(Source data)
Content starts
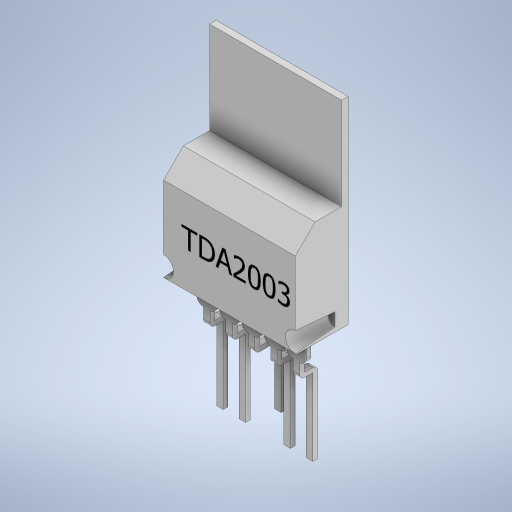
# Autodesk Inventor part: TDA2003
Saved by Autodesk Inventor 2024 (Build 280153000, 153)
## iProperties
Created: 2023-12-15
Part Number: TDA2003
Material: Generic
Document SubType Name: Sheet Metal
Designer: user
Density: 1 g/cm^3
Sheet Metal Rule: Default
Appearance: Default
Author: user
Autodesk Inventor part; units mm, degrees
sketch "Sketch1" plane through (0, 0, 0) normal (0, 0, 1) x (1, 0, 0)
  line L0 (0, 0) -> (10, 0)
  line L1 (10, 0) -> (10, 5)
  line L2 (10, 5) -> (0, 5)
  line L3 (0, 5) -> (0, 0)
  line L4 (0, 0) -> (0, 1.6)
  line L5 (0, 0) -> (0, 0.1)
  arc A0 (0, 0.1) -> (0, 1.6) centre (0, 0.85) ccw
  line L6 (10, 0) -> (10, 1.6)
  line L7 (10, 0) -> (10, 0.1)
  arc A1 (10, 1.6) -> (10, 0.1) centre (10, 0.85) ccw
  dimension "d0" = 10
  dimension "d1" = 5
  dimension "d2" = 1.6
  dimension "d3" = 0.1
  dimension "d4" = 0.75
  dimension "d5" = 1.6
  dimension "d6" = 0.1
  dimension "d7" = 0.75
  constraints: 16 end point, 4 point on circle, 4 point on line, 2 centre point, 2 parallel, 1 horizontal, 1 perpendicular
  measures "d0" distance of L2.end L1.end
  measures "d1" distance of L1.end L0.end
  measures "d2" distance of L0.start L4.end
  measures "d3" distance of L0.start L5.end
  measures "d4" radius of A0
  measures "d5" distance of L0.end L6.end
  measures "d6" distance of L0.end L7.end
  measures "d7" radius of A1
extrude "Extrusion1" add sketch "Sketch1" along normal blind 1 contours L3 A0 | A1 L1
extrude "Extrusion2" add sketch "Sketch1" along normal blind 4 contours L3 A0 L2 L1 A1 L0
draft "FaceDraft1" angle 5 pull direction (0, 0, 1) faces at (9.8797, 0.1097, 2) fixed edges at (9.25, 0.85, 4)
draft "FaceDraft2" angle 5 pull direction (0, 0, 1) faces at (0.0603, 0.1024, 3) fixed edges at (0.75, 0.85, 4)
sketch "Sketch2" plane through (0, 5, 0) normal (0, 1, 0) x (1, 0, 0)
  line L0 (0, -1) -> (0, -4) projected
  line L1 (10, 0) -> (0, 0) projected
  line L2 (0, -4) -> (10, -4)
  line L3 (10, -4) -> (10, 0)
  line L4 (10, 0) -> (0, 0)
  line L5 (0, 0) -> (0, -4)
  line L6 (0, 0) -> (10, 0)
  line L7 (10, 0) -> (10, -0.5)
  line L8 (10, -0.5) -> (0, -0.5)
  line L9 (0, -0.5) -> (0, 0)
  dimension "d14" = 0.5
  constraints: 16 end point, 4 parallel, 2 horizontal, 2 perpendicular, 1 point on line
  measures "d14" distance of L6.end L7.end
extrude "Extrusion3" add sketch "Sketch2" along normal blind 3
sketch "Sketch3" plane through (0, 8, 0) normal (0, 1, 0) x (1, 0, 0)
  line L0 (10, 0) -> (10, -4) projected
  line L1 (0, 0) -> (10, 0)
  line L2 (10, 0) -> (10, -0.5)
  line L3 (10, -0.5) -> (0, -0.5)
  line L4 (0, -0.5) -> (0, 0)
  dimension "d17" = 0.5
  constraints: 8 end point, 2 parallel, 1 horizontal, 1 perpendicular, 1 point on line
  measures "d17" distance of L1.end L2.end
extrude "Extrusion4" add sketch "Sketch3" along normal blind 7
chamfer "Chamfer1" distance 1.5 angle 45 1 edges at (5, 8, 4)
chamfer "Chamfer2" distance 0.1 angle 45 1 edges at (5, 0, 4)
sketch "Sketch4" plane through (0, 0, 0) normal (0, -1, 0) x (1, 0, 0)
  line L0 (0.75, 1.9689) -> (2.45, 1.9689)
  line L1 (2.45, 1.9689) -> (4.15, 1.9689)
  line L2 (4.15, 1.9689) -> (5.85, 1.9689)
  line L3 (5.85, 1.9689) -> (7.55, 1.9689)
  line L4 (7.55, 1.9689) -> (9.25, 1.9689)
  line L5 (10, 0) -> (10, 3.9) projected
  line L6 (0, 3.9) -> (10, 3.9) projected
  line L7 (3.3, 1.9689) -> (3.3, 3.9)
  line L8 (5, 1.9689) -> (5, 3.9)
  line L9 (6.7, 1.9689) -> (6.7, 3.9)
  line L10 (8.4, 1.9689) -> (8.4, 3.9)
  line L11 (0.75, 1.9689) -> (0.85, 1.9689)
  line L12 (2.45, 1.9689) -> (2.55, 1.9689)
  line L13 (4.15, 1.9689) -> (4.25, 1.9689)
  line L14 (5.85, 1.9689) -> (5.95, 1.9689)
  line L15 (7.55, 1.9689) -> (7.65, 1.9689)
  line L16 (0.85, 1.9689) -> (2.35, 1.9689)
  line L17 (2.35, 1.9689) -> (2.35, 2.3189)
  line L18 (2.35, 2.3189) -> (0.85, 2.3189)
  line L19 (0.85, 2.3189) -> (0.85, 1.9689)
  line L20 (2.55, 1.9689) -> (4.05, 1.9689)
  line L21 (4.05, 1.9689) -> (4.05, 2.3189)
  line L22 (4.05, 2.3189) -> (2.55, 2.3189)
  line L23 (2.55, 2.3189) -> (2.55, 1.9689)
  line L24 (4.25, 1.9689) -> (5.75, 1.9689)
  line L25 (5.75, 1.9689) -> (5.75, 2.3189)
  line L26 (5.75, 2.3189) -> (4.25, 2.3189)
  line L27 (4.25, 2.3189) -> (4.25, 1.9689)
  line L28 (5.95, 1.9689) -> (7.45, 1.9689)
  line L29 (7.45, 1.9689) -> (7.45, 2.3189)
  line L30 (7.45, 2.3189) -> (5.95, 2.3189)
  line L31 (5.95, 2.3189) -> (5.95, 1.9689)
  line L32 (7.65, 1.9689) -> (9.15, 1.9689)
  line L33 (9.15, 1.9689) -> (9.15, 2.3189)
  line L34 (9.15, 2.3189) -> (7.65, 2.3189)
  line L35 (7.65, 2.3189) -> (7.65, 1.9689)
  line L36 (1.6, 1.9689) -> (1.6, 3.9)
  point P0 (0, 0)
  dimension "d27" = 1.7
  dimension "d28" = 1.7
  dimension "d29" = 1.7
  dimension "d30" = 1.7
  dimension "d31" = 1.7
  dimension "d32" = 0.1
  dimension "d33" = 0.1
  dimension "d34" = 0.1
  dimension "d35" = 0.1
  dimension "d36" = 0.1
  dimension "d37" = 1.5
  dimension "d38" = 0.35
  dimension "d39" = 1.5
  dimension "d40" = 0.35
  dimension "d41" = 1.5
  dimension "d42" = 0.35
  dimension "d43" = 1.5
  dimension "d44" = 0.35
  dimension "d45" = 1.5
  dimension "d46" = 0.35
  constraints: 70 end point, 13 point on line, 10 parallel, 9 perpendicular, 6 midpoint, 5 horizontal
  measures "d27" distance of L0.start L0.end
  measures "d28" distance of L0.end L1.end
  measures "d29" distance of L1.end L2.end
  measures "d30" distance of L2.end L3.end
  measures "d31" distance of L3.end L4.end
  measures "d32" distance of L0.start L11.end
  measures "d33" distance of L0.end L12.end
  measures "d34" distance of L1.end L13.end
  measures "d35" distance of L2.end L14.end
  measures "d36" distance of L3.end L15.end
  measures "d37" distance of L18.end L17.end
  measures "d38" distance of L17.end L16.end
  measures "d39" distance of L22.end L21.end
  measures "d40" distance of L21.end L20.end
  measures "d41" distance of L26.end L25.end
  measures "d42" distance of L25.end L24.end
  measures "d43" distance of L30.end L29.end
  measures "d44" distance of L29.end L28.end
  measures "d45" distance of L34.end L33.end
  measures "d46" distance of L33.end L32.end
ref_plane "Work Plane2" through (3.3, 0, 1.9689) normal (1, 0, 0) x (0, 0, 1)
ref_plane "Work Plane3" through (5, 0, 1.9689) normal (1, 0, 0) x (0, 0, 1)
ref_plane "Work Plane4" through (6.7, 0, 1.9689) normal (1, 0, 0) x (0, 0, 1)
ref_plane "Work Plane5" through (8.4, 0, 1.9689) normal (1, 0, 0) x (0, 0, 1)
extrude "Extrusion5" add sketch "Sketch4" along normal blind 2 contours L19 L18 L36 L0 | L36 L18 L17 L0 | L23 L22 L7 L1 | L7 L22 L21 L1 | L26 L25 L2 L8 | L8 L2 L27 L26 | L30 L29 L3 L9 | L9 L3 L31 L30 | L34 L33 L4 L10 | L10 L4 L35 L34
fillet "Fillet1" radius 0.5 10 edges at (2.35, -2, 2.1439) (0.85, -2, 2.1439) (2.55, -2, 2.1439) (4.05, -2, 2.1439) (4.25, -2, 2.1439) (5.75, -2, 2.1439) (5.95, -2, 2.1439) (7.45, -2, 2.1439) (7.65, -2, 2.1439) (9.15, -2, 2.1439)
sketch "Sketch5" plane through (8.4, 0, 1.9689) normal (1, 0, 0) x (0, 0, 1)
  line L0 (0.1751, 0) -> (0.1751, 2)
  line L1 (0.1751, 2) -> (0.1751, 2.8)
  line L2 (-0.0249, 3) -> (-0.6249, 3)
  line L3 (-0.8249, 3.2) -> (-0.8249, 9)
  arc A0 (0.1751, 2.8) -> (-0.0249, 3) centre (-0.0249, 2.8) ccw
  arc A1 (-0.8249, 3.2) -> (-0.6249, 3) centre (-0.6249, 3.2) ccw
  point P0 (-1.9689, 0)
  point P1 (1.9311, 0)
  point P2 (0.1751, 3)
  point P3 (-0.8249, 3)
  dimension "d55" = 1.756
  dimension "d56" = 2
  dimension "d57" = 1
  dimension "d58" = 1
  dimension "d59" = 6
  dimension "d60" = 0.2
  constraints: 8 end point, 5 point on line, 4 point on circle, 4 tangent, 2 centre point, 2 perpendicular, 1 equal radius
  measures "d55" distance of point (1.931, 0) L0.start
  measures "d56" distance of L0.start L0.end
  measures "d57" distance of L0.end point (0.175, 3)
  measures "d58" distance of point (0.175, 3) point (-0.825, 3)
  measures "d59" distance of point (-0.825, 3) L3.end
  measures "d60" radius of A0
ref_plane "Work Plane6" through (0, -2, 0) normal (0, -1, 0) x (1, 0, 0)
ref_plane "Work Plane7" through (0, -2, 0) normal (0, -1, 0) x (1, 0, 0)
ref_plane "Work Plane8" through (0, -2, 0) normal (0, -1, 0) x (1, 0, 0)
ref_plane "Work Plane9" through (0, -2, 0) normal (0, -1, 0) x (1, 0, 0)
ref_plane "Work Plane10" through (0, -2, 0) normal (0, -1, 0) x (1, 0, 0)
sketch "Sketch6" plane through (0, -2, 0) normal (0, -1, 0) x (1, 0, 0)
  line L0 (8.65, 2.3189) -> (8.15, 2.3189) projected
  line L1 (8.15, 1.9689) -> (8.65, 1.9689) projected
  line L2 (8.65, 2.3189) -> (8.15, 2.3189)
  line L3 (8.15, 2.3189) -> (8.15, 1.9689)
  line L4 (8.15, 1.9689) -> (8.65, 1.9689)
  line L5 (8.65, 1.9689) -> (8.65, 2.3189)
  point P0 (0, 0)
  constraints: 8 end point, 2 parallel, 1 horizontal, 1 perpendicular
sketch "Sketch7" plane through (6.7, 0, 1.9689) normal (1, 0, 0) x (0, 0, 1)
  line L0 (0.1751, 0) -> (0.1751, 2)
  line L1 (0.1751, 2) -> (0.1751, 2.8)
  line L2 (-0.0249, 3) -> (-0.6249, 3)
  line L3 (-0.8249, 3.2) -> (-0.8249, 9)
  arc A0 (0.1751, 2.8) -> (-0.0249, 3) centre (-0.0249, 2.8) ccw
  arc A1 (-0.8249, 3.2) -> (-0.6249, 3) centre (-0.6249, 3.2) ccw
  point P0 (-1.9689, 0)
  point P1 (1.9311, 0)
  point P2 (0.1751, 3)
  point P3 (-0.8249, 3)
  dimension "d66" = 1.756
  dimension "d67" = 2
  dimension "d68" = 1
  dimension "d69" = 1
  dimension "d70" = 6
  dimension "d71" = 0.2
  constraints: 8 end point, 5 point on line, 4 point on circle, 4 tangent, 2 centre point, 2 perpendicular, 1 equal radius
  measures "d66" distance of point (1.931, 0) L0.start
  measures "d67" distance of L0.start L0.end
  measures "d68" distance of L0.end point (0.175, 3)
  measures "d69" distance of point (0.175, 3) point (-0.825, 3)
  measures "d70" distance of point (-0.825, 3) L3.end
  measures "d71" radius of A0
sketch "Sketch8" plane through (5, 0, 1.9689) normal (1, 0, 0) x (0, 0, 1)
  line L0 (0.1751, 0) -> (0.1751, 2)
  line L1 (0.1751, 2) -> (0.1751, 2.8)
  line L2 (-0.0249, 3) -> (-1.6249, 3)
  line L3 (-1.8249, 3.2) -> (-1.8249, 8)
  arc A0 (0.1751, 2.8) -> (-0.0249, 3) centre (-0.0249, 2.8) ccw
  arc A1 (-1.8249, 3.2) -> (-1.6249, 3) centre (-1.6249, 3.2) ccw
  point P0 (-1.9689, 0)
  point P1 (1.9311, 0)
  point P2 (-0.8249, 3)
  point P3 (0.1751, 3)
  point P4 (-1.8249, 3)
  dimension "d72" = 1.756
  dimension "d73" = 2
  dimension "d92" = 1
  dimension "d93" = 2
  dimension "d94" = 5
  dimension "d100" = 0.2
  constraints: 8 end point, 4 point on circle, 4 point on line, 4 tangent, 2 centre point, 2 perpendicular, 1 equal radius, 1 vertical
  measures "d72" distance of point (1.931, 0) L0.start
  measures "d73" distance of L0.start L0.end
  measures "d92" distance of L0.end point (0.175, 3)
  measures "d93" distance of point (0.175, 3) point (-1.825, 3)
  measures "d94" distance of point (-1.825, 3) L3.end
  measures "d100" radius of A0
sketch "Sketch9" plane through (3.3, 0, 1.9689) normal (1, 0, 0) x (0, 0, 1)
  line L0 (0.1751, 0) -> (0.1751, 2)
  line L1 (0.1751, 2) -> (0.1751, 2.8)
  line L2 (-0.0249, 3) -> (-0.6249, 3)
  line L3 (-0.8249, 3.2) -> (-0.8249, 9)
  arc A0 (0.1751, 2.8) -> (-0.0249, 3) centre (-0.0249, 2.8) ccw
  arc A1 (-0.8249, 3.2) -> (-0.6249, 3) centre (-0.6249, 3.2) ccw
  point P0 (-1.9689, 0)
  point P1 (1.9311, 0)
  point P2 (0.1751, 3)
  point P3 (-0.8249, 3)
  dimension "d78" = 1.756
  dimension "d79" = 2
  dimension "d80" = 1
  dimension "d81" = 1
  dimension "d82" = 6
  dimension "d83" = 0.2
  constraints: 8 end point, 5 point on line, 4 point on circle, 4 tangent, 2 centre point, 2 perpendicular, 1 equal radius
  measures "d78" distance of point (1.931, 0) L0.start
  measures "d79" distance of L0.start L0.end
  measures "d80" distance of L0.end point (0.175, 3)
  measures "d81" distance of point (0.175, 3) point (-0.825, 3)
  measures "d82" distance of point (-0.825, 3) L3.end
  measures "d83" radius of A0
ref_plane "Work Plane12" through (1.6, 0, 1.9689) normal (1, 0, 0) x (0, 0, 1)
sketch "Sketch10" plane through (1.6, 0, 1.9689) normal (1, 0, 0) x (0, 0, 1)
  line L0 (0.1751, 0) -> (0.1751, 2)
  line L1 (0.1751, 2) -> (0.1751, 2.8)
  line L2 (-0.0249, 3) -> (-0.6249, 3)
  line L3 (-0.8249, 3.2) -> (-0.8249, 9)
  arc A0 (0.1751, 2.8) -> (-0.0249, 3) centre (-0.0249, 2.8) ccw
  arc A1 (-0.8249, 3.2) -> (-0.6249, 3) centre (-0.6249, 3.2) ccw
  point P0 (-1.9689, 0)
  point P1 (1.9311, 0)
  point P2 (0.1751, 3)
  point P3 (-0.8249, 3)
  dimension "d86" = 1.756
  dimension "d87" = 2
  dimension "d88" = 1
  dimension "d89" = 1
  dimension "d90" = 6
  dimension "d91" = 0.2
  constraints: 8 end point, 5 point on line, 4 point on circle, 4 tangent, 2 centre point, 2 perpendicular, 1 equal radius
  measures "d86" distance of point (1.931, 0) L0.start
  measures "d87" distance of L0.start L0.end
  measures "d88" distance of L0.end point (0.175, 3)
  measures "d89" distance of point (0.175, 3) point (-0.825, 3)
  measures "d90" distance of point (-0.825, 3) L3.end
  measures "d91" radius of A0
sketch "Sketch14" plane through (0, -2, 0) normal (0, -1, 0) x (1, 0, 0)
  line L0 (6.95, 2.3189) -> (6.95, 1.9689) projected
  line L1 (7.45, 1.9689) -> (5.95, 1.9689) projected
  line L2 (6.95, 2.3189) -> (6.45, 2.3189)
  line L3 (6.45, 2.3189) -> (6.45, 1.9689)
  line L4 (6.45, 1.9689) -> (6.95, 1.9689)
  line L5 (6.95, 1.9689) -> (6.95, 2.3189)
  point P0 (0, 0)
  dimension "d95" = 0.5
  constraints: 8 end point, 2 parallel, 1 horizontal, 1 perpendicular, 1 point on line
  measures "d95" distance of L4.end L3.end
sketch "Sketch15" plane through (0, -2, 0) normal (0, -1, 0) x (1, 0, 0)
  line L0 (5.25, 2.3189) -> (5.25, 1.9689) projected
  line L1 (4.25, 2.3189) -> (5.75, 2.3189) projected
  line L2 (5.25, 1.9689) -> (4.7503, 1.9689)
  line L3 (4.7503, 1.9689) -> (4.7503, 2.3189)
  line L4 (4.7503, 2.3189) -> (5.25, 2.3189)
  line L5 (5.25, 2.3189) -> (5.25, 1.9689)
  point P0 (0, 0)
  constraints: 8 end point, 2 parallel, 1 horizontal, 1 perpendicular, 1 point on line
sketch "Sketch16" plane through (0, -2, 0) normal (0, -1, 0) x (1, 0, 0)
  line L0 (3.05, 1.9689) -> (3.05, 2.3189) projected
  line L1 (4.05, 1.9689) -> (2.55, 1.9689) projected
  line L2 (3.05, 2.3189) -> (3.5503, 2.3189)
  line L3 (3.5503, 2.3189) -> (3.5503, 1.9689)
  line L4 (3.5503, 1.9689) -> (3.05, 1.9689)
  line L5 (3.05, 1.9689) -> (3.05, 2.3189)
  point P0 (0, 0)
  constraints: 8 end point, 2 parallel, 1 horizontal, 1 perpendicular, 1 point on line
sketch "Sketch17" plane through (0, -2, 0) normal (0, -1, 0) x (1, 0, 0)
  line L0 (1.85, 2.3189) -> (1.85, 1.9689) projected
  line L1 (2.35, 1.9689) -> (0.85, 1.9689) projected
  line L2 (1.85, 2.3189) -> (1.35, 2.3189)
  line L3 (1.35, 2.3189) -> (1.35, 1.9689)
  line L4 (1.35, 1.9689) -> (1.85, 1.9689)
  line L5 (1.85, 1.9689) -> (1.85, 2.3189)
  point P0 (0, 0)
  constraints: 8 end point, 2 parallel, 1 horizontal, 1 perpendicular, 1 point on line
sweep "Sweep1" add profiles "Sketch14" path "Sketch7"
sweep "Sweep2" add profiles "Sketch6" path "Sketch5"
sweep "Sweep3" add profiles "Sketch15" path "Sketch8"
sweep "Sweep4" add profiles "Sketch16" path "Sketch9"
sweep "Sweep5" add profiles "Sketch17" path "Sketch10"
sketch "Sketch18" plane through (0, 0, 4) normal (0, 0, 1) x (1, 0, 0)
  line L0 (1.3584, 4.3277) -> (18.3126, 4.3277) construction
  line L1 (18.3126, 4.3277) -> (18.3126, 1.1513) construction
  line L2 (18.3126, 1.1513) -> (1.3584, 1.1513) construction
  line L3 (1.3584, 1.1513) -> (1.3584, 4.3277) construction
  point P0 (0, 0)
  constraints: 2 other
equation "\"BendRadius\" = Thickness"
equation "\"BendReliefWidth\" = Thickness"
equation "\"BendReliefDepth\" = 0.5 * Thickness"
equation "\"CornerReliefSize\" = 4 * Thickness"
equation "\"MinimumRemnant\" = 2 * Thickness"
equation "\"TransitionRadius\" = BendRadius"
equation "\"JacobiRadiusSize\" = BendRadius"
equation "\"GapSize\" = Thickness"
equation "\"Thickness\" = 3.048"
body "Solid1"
Content ends
Only the number should be given: how many lines of the data contain the word "extrude"?

Answer section |
5